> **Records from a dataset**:
======

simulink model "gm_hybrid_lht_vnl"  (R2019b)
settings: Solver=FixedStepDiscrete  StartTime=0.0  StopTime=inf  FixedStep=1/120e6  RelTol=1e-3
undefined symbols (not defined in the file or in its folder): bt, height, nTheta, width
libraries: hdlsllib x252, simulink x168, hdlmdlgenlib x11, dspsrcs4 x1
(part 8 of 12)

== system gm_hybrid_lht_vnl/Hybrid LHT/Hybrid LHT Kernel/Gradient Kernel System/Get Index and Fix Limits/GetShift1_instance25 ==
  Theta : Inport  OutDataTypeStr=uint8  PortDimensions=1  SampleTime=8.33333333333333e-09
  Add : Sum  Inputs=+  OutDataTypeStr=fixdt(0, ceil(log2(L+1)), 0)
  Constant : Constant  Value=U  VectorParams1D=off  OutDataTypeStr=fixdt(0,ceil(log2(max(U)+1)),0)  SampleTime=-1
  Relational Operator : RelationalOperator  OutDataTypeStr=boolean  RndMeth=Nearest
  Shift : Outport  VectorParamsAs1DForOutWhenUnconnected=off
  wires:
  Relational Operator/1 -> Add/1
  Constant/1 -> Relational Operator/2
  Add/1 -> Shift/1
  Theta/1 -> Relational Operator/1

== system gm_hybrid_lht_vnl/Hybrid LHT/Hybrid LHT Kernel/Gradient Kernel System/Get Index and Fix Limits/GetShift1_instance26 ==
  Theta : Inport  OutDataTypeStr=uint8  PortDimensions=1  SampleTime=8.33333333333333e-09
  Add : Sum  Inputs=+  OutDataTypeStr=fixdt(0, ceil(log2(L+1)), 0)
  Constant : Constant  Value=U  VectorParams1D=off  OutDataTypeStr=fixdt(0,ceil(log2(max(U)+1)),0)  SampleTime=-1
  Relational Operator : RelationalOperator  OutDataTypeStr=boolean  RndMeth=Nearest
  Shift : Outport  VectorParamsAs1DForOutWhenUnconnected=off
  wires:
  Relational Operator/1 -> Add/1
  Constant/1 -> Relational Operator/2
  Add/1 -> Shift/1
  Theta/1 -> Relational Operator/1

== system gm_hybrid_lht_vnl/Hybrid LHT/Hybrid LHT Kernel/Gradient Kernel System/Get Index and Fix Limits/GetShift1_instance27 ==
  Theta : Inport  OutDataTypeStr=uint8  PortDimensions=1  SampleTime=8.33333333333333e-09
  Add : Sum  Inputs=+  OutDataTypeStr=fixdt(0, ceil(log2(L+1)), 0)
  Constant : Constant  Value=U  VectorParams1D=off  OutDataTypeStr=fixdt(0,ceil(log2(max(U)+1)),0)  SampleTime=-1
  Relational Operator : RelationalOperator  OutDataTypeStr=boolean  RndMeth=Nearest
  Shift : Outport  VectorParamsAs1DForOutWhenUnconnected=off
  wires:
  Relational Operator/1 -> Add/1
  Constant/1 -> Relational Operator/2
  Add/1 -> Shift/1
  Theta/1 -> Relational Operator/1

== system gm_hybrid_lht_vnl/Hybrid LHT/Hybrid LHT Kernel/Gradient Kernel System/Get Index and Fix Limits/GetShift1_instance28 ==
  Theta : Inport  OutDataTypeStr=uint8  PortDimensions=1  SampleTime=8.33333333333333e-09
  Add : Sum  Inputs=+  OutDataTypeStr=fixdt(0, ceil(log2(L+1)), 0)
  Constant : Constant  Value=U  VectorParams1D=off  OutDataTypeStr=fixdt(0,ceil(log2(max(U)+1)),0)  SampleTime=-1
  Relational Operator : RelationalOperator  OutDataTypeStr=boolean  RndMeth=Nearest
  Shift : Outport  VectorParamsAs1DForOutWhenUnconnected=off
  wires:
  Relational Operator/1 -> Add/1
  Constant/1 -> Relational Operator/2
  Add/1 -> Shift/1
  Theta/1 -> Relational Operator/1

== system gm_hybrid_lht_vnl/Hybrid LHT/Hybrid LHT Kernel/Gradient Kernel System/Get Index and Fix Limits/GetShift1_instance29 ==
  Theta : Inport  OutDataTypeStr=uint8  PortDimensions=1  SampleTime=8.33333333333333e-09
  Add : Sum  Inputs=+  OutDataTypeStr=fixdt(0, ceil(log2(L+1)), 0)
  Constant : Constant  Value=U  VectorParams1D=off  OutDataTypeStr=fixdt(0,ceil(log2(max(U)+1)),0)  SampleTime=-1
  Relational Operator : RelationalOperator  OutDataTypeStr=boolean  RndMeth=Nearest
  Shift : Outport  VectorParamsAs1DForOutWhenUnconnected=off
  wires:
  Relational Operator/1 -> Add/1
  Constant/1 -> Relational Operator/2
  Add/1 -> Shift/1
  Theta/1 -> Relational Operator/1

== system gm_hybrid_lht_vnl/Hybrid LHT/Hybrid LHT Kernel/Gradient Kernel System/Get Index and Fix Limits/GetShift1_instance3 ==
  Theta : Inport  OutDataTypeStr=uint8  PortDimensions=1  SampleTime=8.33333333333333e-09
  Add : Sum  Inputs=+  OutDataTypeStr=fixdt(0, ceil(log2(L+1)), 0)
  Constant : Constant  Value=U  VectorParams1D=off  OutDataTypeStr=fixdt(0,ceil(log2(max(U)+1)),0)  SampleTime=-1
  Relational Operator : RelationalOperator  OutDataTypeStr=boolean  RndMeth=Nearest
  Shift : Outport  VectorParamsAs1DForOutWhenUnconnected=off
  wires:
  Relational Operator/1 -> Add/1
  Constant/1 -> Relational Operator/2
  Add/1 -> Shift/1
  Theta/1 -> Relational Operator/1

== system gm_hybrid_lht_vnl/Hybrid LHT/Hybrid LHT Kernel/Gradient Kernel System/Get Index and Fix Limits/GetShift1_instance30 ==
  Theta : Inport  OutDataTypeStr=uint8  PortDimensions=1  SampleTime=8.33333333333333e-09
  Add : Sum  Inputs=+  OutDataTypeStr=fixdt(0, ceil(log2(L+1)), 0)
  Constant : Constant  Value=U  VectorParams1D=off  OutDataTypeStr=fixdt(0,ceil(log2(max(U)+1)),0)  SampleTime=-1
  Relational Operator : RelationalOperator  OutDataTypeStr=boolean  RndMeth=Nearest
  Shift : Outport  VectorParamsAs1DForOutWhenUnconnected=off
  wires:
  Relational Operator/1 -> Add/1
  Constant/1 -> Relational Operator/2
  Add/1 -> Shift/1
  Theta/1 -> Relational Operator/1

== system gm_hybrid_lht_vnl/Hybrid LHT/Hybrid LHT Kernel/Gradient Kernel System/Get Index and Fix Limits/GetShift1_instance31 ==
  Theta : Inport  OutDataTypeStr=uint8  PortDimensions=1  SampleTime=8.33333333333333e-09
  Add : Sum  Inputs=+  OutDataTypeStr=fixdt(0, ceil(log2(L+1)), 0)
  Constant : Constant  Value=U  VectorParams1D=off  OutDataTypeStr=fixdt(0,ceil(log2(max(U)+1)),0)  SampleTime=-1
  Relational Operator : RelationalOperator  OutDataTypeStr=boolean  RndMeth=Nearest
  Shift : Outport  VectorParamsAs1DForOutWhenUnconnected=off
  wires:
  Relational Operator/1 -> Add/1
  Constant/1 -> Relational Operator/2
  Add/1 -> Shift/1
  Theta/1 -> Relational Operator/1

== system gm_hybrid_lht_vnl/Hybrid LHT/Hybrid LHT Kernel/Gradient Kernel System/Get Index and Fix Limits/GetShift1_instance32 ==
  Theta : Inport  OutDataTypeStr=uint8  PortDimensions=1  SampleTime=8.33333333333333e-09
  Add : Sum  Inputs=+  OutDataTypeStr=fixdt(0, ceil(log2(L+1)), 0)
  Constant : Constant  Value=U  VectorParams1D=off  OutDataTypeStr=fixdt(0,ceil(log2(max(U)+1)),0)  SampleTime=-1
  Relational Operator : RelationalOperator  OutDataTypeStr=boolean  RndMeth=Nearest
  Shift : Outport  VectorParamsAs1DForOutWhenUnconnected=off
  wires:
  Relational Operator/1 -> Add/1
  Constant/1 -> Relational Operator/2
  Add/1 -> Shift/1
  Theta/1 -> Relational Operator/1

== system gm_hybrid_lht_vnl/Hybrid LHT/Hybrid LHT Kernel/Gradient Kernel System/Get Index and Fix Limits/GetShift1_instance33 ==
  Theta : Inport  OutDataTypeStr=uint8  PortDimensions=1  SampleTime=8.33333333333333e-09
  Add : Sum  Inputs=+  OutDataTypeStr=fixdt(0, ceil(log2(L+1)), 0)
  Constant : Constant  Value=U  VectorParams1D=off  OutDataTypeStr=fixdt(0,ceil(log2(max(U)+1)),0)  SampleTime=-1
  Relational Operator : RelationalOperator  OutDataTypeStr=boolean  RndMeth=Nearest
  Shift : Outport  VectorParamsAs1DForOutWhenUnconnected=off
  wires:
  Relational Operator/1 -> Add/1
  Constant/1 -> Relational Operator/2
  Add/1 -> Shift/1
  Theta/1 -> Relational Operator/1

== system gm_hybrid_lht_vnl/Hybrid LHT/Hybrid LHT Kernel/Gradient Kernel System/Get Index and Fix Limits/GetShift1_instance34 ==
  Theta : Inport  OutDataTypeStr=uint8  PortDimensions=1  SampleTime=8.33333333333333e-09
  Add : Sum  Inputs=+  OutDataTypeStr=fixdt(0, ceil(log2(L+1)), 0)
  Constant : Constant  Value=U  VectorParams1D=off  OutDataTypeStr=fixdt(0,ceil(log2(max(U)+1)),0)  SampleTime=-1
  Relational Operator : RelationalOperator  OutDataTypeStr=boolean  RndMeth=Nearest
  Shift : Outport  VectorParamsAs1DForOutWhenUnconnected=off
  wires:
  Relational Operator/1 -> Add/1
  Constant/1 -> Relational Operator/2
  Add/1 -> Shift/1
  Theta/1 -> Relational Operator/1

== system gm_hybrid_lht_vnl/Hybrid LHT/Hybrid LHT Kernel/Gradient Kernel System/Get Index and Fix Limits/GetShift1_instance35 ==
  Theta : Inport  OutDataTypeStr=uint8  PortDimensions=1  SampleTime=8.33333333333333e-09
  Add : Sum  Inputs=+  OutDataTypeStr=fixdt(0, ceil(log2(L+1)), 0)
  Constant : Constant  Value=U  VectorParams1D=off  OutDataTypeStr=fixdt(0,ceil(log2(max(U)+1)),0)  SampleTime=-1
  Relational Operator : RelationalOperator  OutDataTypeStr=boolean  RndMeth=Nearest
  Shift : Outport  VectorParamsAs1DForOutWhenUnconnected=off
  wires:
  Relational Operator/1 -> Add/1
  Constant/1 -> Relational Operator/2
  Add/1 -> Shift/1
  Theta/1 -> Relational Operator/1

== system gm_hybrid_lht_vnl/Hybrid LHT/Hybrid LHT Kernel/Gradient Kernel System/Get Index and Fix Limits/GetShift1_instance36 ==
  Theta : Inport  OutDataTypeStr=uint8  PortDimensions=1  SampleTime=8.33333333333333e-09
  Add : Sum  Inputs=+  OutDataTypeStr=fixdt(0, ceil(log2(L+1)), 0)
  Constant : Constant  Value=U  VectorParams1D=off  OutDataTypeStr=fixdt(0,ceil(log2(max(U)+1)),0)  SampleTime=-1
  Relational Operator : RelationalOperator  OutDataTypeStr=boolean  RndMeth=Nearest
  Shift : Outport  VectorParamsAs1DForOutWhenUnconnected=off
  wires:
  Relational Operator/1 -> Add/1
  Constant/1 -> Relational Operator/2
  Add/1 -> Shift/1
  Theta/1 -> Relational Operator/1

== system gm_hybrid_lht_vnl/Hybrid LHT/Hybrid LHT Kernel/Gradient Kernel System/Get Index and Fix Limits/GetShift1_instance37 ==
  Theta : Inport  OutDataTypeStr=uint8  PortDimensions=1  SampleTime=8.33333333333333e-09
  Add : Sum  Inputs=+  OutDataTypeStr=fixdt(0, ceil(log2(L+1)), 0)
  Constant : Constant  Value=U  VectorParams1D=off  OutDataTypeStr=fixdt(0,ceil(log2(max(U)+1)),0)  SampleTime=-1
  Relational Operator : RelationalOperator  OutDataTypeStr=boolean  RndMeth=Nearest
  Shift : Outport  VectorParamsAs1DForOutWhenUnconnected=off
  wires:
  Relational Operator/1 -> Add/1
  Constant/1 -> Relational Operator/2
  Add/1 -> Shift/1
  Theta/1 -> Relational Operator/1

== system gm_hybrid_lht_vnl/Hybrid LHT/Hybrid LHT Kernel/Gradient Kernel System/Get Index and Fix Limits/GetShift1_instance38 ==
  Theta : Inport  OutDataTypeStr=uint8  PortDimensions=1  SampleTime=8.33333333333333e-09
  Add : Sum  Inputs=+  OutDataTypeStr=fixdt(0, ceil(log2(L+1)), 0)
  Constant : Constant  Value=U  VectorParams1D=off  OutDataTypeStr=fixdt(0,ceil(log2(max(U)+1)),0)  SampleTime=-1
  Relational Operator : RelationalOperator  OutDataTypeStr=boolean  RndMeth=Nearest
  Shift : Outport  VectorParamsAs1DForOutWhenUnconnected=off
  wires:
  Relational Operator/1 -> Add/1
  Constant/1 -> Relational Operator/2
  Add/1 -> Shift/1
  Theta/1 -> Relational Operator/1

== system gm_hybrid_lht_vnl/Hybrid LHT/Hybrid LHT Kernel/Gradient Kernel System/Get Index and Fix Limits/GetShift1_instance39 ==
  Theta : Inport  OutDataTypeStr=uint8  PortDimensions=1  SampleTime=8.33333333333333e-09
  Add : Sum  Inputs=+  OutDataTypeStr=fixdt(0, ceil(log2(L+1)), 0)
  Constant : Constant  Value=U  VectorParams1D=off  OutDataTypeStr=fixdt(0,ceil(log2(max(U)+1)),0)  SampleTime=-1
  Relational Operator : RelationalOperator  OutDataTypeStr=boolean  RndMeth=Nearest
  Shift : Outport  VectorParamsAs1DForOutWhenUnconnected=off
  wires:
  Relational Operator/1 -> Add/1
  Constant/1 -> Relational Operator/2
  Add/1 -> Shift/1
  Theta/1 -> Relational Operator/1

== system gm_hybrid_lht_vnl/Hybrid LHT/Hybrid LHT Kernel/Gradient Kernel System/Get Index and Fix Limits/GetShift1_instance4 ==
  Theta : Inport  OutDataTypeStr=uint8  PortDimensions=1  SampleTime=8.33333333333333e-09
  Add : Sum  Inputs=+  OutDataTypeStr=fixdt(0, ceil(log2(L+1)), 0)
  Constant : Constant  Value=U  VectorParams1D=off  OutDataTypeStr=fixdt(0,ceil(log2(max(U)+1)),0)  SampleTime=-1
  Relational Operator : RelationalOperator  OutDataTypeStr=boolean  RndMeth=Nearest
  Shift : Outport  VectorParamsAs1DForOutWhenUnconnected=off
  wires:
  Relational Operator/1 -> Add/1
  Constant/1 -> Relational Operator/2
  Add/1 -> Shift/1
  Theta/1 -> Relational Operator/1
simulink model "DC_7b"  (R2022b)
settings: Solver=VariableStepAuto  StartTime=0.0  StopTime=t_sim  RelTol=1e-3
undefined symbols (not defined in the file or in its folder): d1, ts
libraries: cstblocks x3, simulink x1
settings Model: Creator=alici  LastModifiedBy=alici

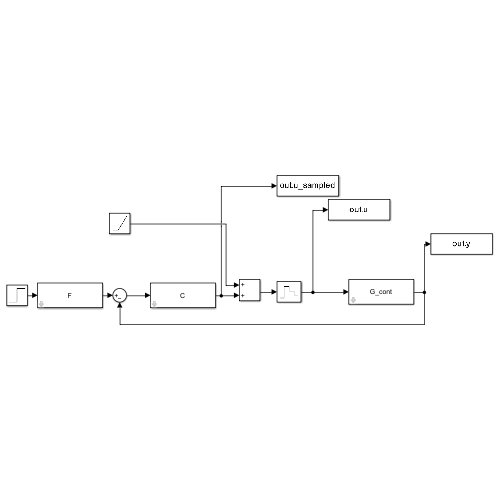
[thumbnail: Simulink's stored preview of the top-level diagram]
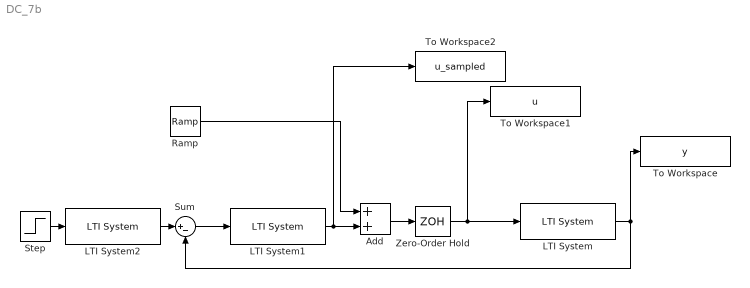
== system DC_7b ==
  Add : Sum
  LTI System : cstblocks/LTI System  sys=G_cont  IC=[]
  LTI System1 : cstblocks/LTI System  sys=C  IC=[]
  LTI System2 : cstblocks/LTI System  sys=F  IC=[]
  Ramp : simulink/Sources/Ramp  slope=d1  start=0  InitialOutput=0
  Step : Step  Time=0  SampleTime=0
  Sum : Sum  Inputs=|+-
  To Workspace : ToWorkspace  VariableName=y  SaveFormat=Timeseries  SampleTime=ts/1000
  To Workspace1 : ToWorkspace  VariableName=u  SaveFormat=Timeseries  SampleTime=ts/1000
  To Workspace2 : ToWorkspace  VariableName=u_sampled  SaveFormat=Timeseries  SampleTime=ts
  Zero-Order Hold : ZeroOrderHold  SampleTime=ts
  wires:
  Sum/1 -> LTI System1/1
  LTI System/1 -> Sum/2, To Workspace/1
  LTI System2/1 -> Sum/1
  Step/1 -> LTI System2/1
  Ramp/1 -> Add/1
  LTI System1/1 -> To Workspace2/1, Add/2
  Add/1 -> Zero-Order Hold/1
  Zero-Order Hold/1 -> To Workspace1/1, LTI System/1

======

> **Work order**: The number of lines containing "Ramp" is all that is wanted; tally them in the data.

> **Task result**: 2